Saturday, November 16, 2013

Brother

From the moment I was born he loved me
He held me and took me under his wing
My parents once told me, “He even used to say, I love you Nicole”.

I wish I remembered 
I wish I could have held onto those memories, but I was too young

My parents would say, “He loved you and then you began to crawl and mess with all of his things”.
Ha.  Yup.
Dax never wanted or wants any of his stuff tampered with
If anything is a hair out of place Dax knows

He was always a funny child
Exaggerating wild things
Taking reality and making it seem larger than life
One Friday evening he burped exceedingly loud
His story was, “It was so loud it actually shook the house!”
He was so proud and would tell everyone.
Was it true?
NO!
But he would like to think so.

When I was a little girl I knew something was up with him
Telling tall tales, only getting along with certain people, hating change
But I loved him
He was mine
My precious brother

People would make fun of him and I would stand up for him, because he was mine.
I was the only one who could be mean to him, because he was mine.
I was the only one who could watch him play video games for hours and not get tired of it, because he was mine.

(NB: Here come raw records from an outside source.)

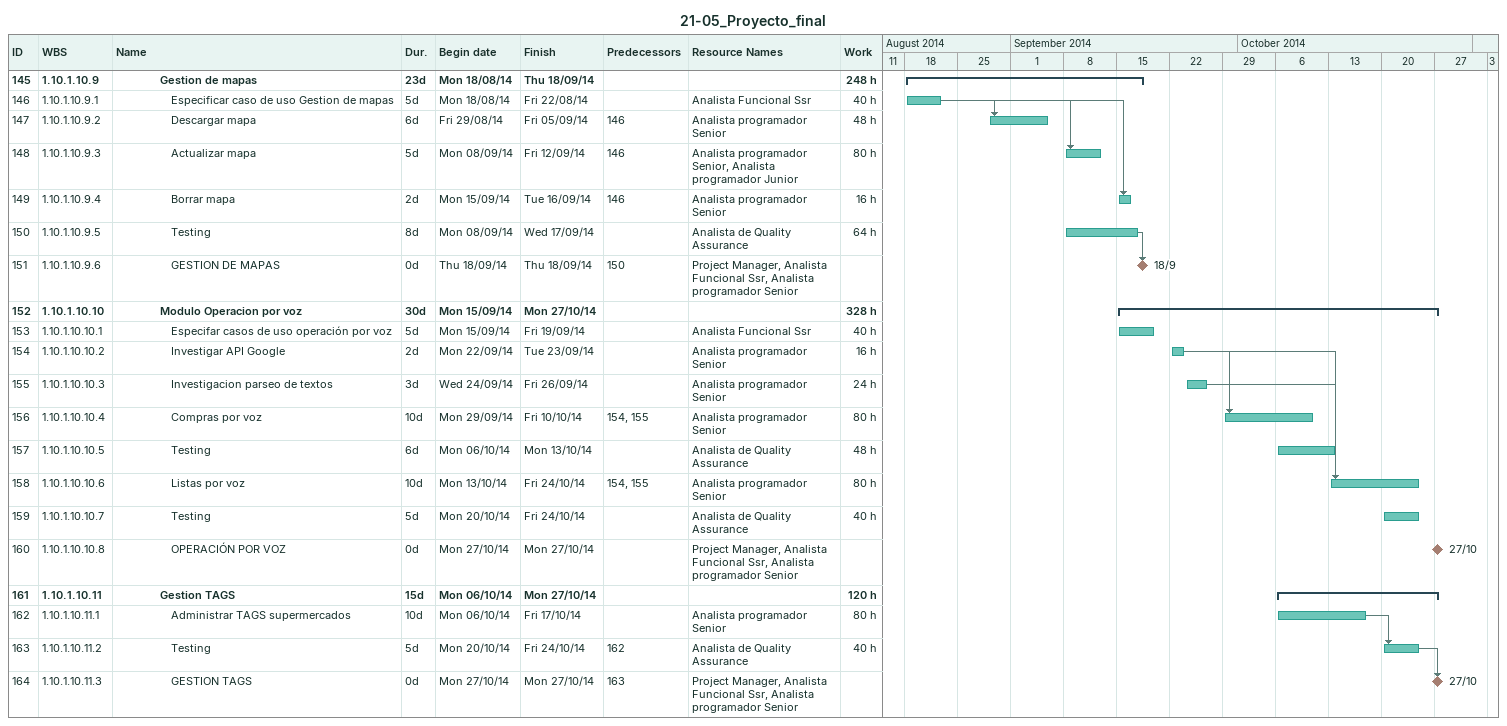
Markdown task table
21-05_Proyecto_final

| ID | WBS | Task | Duration | Start | Finish | Predecessors | Resources | Work (h) |
|---|---|---|---|---|---|---|---|---|
| 145 | 1.10.1.10.9 | **Gestion de mapas** | 23d | 2014-08-18 | 2014-09-18 |  |  | 248 |
| 146 | 1.10.1.10.9.1 | Especificar caso de uso Gestion de mapas | 5d | 2014-08-18 | 2014-08-22 |  | Analista Funcional Ssr | 40 |
| 147 | 1.10.1.10.9.2 | Descargar mapa | 6d | 2014-08-29 | 2014-09-05 | 146 | Analista programador Senior | 48 |
| 148 | 1.10.1.10.9.3 | Actualizar mapa | 5d | 2014-09-08 | 2014-09-12 | 146 | Analista programador Senior, Analista programador Junior | 80 |
| 149 | 1.10.1.10.9.4 | Borrar mapa | 2d | 2014-09-15 | 2014-09-16 | 146 | Analista programador Senior | 16 |
| 150 | 1.10.1.10.9.5 | Testing | 8d | 2014-09-08 | 2014-09-17 |  | Analista de Quality Assurance | 64 |
| 151 | 1.10.1.10.9.6 | GESTION DE MAPAS | 0d | 2014-09-18 | 2014-09-18 | 150 | Project Manager, Analista Funcional Ssr, Analista programador Senior |  |
| 152 | 1.10.1.10.10 | **Modulo Operacion por voz** | 30d | 2014-09-15 | 2014-10-27 |  |  | 328 |
| 153 | 1.10.1.10.10.1 | Especifar casos de uso operación por voz | 5d | 2014-09-15 | 2014-09-19 |  | Analista Funcional Ssr | 40 |
| 154 | 1.10.1.10.10.2 | Investigar API Google | 2d | 2014-09-22 | 2014-09-23 |  | Analista programador Senior | 16 |
| 155 | 1.10.1.10.10.3 | Investigacion parseo de textos | 3d | 2014-09-24 | 2014-09-26 |  | Analista programador Senior | 24 |
| 156 | 1.10.1.10.10.4 | Compras por voz | 10d | 2014-09-29 | 2014-10-10 | 154, 155 | Analista programador Senior | 80 |
| 157 | 1.10.1.10.10.5 | Testing | 6d | 2014-10-06 | 2014-10-13 |  | Analista de Quality Assurance | 48 |
| 158 | 1.10.1.10.10.6 | Listas por voz | 10d | 2014-10-13 | 2014-10-24 | 154, 155 | Analista programador Senior | 80 |
| 159 | 1.10.1.10.10.7 | Testing | 5d | 2014-10-20 | 2014-10-24 |  | Analista de Quality Assurance | 40 |
| 160 | 1.10.1.10.10.8 | OPERACIÓN POR VOZ | 0d | 2014-10-27 | 2014-10-27 |  | Project Manager, Analista Funcional Ssr, Analista programador Senior |  |
| 161 | 1.10.1.10.11 | **Gestion TAGS** | 15d | 2014-10-06 | 2014-10-27 |  |  | 120 |
| 162 | 1.10.1.10.11.1 | Administrar TAGS supermercados | 10d | 2014-10-06 | 2014-10-17 |  | Analista programador Senior | 80 |
| 163 | 1.10.1.10.11.2 | Testing | 5d | 2014-10-20 | 2014-10-24 | 162 | Analista de Quality Assurance | 40 |
| 164 | 1.10.1.10.11.3 | GESTION TAGS | 0d | 2014-10-27 | 2014-10-27 | 163 | Project Manager, Analista Funcional Ssr, Analista programador Senior |  |

When I got into middle school I still knew something was up but I ignored it
I wanted to fit in
I wanted to be normal
I went about my life oblivious

My parents didn’t really know what to do with him
 “Your brother is different”, they would say

When he refused to do something a certain way he would get yelled at
Why?  Because his typical behaviors weren’t “normal”
I remember him crying
It was so loud and so sad
His cries were like those of a child had just experienced pain for the first time
His cries were like the first time, every time

It’s not that how my parents yelled at him was wrong
And it’s not that it was right
It just was what it was and that was that

He didn’t understand
To this day, at times, he doesn’t

We’ll still talk to him about how he eats like an animal
Or tell him that the family room is a public place
“Public place” become a term used often in our house
We use it so he will understand that he has to consider others

I remember as a little girl listening to Oldies 103 radio station with him
I begged him to let me play with his Legos
If he didn’t I would annoy the crap out of him until he felt bad and let me
I loved those mornings before church and the afternoons we shared together as children
Playing
Arguing
Laughing

It was finally one day in high school I quit defending him
I quit seeing him as a normal person
I quit loving him to some extent
I would yell at him (I still do some days)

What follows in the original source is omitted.